The Judge is good for shooting snakes and other small pests. If that's what you need, get one. If your purpose is defense against people, there are many better choices.


----------



## undrgrnd (Jul 10, 2008)

being that winter is coming up andd I'm planning a move to the country it might get more interesting. I think it might be hard to hit a snake with a 22 or 308.


----------



## Taurus_9mm (Sep 17, 2007)

Shipwreck said:


> I would pass it by too - after I see the word "Taurus" on it :anim_lol:


*You're in trouble now Shipwreck.* LOL :mrgreen: :buttkick:

:smt1099


----------



## Shipwreck (Jan 26, 2006)

We can all have our opinions. I would never buy a Taurus, personally.


----------



## Taurus_9mm (Sep 17, 2007)

*True, and I hope you know I was just joking with you, hence the smilies. * :mrgreen: *I'm someone who would never buy a Kimber but that's just me. Different strokes for different folks.* :smt1099


----------



## knoxrocks222 (May 1, 2008)

i shoot snakes with my cheap little .22 revolver all the time, i think the only reason you would need a judge is if you were a little old man doing security in a bank. now if anyone were to come out with a revolver that shot 12ga slugs and buck shot id buy one, even though it would be the dumbest looking gun in the world


----------



## Mike Barham (Mar 30, 2006)

knoxrocks222 said:


> ...a revolver that shot 12ga slugs and buck shot id buy one, even though it would be the dumbest looking gun in the world


And probably one of the hardest-kicking. :mrgreen:


----------



## mtrain (Dec 18, 2008)

*..*



knoxrocks222 said:


> i shoot snakes with my cheap little .22 revolver all the time, i think the only reason you would need a judge is if you were a little old man doing security in a bank. now if anyone were to come out with a revolver that shot 12ga slugs and buck shot id buy one, even though it would be the dumbest looking gun in the world


If they do ever make a 12 gauge revolver you would have to change your name to "Hellboy" if you owned one {sometimes I feel like Im Hellboy while holding my S&W 500 with its 4 inch barrel}........However, I do have an old Shooting magazine from the eightys that had and article on a 12 gauge derringer.
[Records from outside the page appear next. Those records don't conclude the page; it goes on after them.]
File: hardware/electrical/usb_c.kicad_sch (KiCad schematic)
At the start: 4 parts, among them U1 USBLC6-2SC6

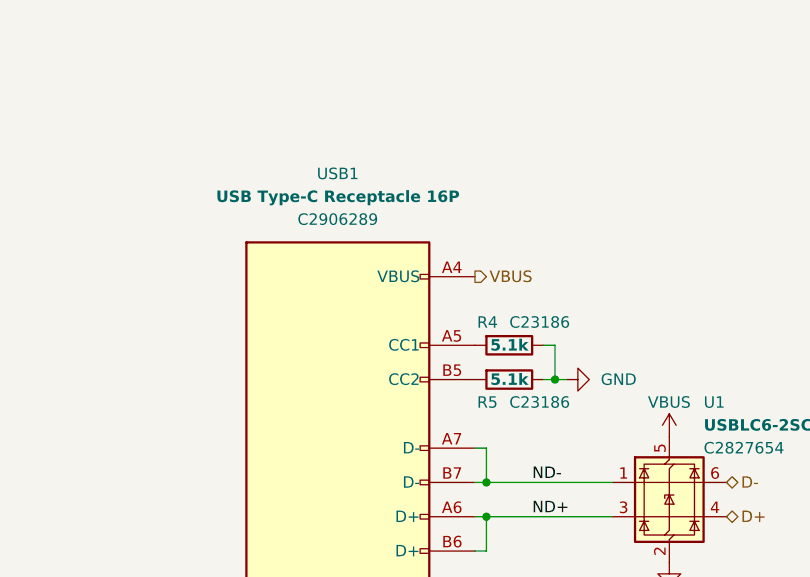
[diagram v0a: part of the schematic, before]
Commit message: Update schematic to include regulators and switches, update render
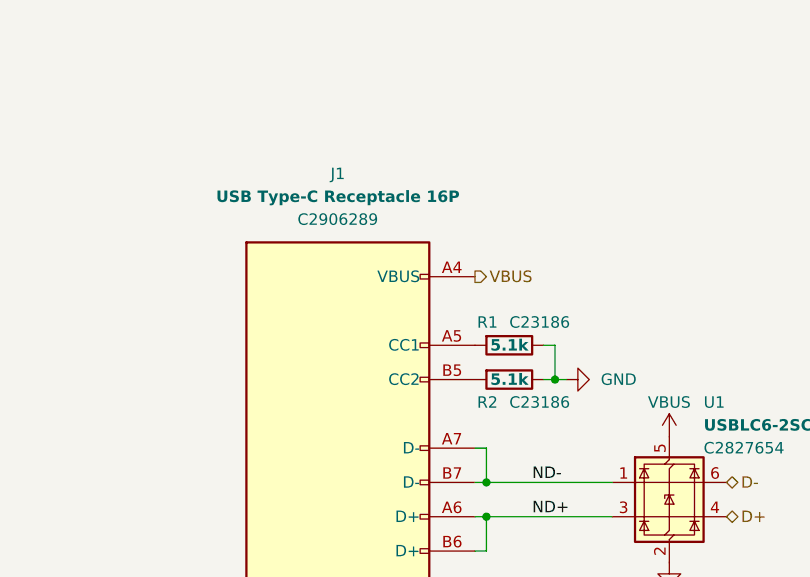
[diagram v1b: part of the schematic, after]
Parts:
- renumbered USB1 to J1, R4 to R1, R5 to R2
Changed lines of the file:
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@@
 	(title_block
 		(title "HexTrack PCB")
-		(date "2025-01-09")
-		(rev "v0.0.1")
+		(date "2025-02-01")
+		(rev "v0.0.2")
 		(company "TMShader")
 		(comment 9 "HexTrack")
@@
 		(on_board yes)
 		(dnp no)
-		(property "Reference" "R4"
+		(property "Reference" "R1"
 			(at 146.05 88.9 90)
 			(effects
@@
 			(project "hextrack"
 				(path "/e03ae3c5-ddb7-48ac-a408-9dcc58a57689/9836e963-ec32-4c01-99da-5c973017755a/b85208ae-6025-47c1-ac11-02f6f1e1bd30"
-					(reference "R4")
+					(reference "R1")
 					(unit 1)
 				)
@@
 		(on_board yes)
 		(dnp no)
-		(property "Reference" "#PWR016"
+		(property "Reference" "#PWR07"
 			(at 165.1 121.92 0)
 			(effects
@@
 			(project "hextrack"
 				(path "/e03ae3c5-ddb7-48ac-a408-9dcc58a57689/9836e963-ec32-4c01-99da-5c973017755a/b85208ae-6025-47c1-ac11-02f6f1e1bd30"
-					(reference "#PWR016")
+					(reference "#PWR07")
 					(unit 1)
 				)
@@
 		(on_board yes)
 		(dnp no)
-		(property "Reference" "#PWR017"
+		(property "Reference" "#PWR06"
 			(at 165.1 105.41 0)
 			(effects
@@
 			(project ""
 				(path "/e03ae3c5-ddb7-48ac-a408-9dcc58a57689/9836e963-ec32-4c01-99da-5c973017755a/b85208ae-6025-47c1-ac11-02f6f1e1bd30"
-					(reference "#PWR017")
+					(reference "#PWR06")
 					(unit 1)
 				)
@@
 		(on_board yes)
 		(dnp no)
-		(property "Reference" "USB1"
+		(property "Reference" "J1"
 			(at 128.27 72.39 0)
 			(effects
@@
 			(project ""
 				(path "/e03ae3c5-ddb7-48ac-a408-9dcc58a57689/9836e963-ec32-4c01-99da-5c973017755a/b85208ae-6025-47c1-ac11-02f6f1e1bd30"
-					(reference "USB1")
+					(reference "J1")
 					(unit 1)
 				)
@@
 		(on_board yes)
 		(dnp no)
-		(property "Reference" "R5"
+		(property "Reference" "R2"
 			(at 146.05 97.79 90)
 			(effects
@@
 			(project "hextrack"
 				(path "/e03ae3c5-ddb7-48ac-a408-9dcc58a57689/9836e963-ec32-4c01-99da-5c973017755a/b85208ae-6025-47c1-ac11-02f6f1e1bd30"
-					(reference "R5")
+					(reference "R2")
 					(unit 1)
 				)
@@
 		(on_board yes)
 		(dnp no)
-		(property "Reference" "#PWR014"
+		(property "Reference" "#PWR08"
 			(at 128.27 140.97 0)
 			(effects
@@
 			(project "hextrack"
 				(path "/e03ae3c5-ddb7-48ac-a408-9dcc58a57689/9836e963-ec32-4c01-99da-5c973017755a/b85208ae-6025-47c1-ac11-02f6f1e1bd30"
-					(reference "#PWR014")
+					(reference "#PWR08")
 					(unit 1)
 				)
@@
 		(on_board yes)
 		(dnp no)
-		(property "Reference" "#PWR015"
+		(property "Reference" "#PWR05"
 			(at 160.02 95.25 0)
 			(effects
@@
 			(project "hextrack"
 				(path "/e03ae3c5-ddb7-48ac-a408-9dcc58a57689/9836e963-ec32-4c01-99da-5c973017755a/b85208ae-6025-47c1-ac11-02f6f1e1bd30"
-					(reference "#PWR015")
+					(reference "#PWR05")
 					(unit 1)
 				)
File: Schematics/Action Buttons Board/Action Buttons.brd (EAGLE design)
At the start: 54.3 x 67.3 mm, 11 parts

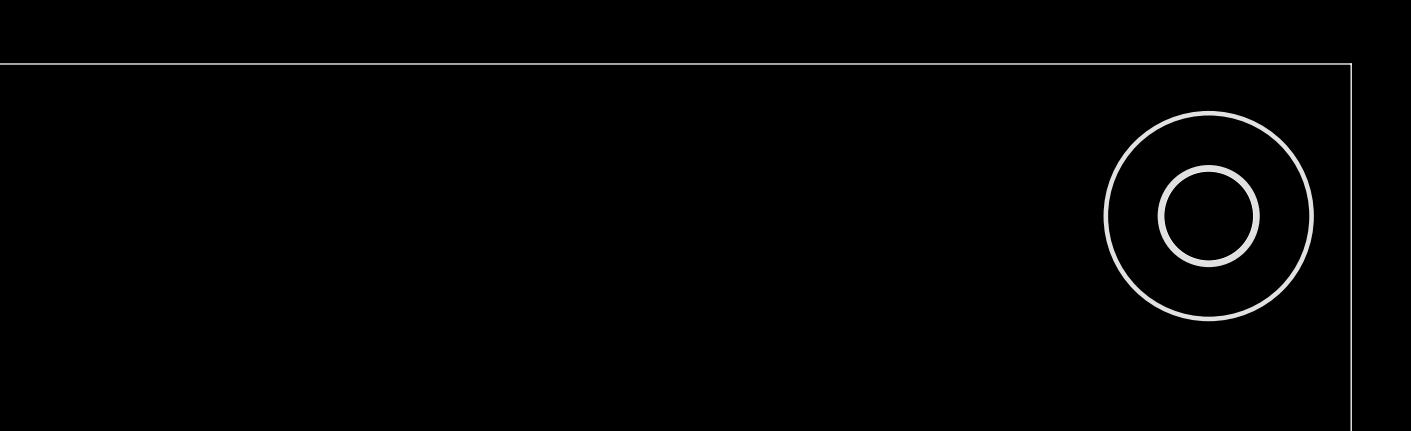
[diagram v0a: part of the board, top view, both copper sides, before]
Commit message: Schematics updated External Controller board schematic created
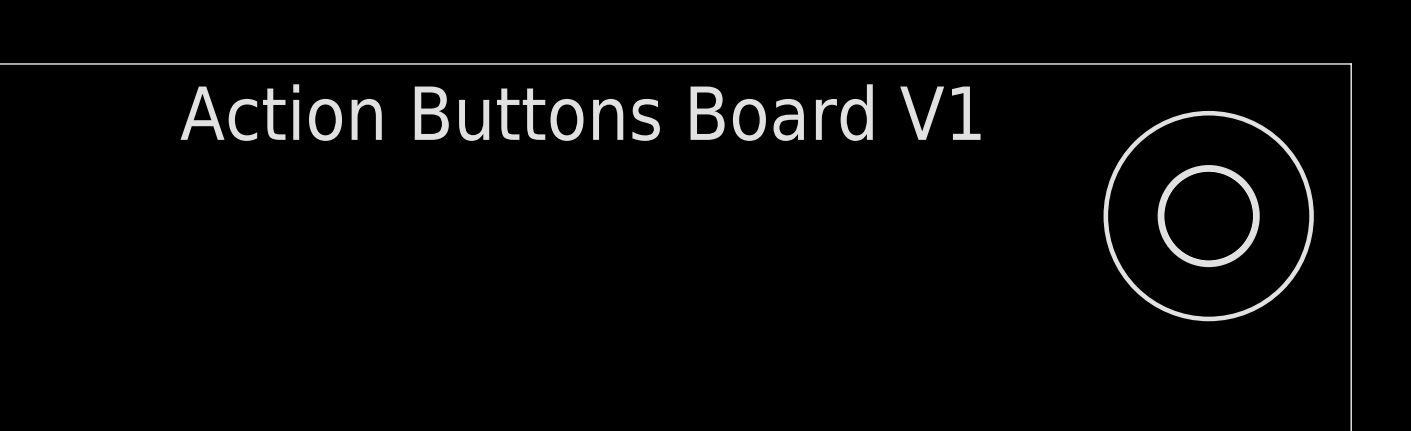
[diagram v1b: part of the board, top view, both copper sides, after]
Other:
- board text added: "Action Buttons Board V1"
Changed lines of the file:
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@@
 <wire x1="54.28" y1="67.3" x2="0" y2="67.3" width="0" layer="20"/>
 <wire x1="0" y1="67.3" x2="0" y2="0" width="0" layer="20"/>
+<text x="15.24" y="64.77" size="1.778" layer="25">Action Buttons Board V1</text>
 </plain>
 <attributes>

The author said it completely disentergrated the top of a fence post at 7 yards with buckshot.....Mike


----------



## quickstarr (Nov 26, 2008)

mtrain, how does it feel to shoot that S&W 500? What do you use it for? I've seen them in stores and it looks like you need a rather large hand to fit that gun.


----------



## lovain1932 (Feb 14, 2008)

They really make the gun look appealing on the commercial but the scenario of shooting someone at three feet in the face is a little decptive if you ask me I guess you have to ask your assailant to come a little closer


----------



## JasBrit (Jan 21, 2009)

I have one with the short barrel and, granted, while I'm new to the Taurus line, I like it in spite of it's "non-Hollywood" cowboy or military looks. I got it for home defense and it is loaded with two 410s and three JHP. Why? Because it is primarily for my basically invalid wife who is confined to the bed 95% of the time and our logic is simple...three .36 caliber balls per shot in someone coming through the bedroom door is much better than a single slug. The 45s are there in case the bad guy is on some new and improved drugs. The gun is great at the range. The 000 buck 410s have about a 3" spread at about 25 feet and it is surprising accurate. The most unpleasant experience I've had with the gun is that the 410s are messy and you need to clean it after every outing...regardless of how few times you shoot it. The grips are really good and the kick is not as bad or at least no worse than my Ruger .357.


----------



## Bigg Daddy (Jan 25, 2009)

Here is a great reason to pass on The Judge

I bought a brand new last Wednesday and went to the range to try it out.
I fired 5 45lc thought pretty good (high and to the right though)
then I loaded some 410 Winchester # 6 shot 
fired one shot lotta kick thought felt good
went to sight in for my second shot and no sight,
held the gun at an angle and looked and this is what I found





























Happened right at Calibers gun Range in case any one wants verification they can ask Ken about it.

This is not really a bash as much as information to people that may want one mine is one of 5 so far that this has happened to.

Don


----------



## DevilsJohnson (Oct 21, 2007)

Short bbl gun with that long cyl. I guess it's a matter of taste. I've never fired that gun in particular but have several other 45 lc revolvers. I like the round and the ability to use a 410 in one would be pretty neat too. I have wanted a wheel gun to shoot 45 lc. More of a cowboy type gun though.

If it works for ya though go for it. One mans no way is another mans hell yeah.


----------



## DaveShooter (Jun 1, 2007)

Mike Barham said:


> And probably one of the hardest-kicking. :mrgreen:


Oh come on guys where is your sense of adventure. Cut the barrel up to the 12ga chamber you bet ya.
DaveShooter


----------



## partssman (Mar 1, 2009)

a guy on another forum bought one, fired 5 rounds of 45 and the first round of 410 blew the complete barrel off the frame.


----------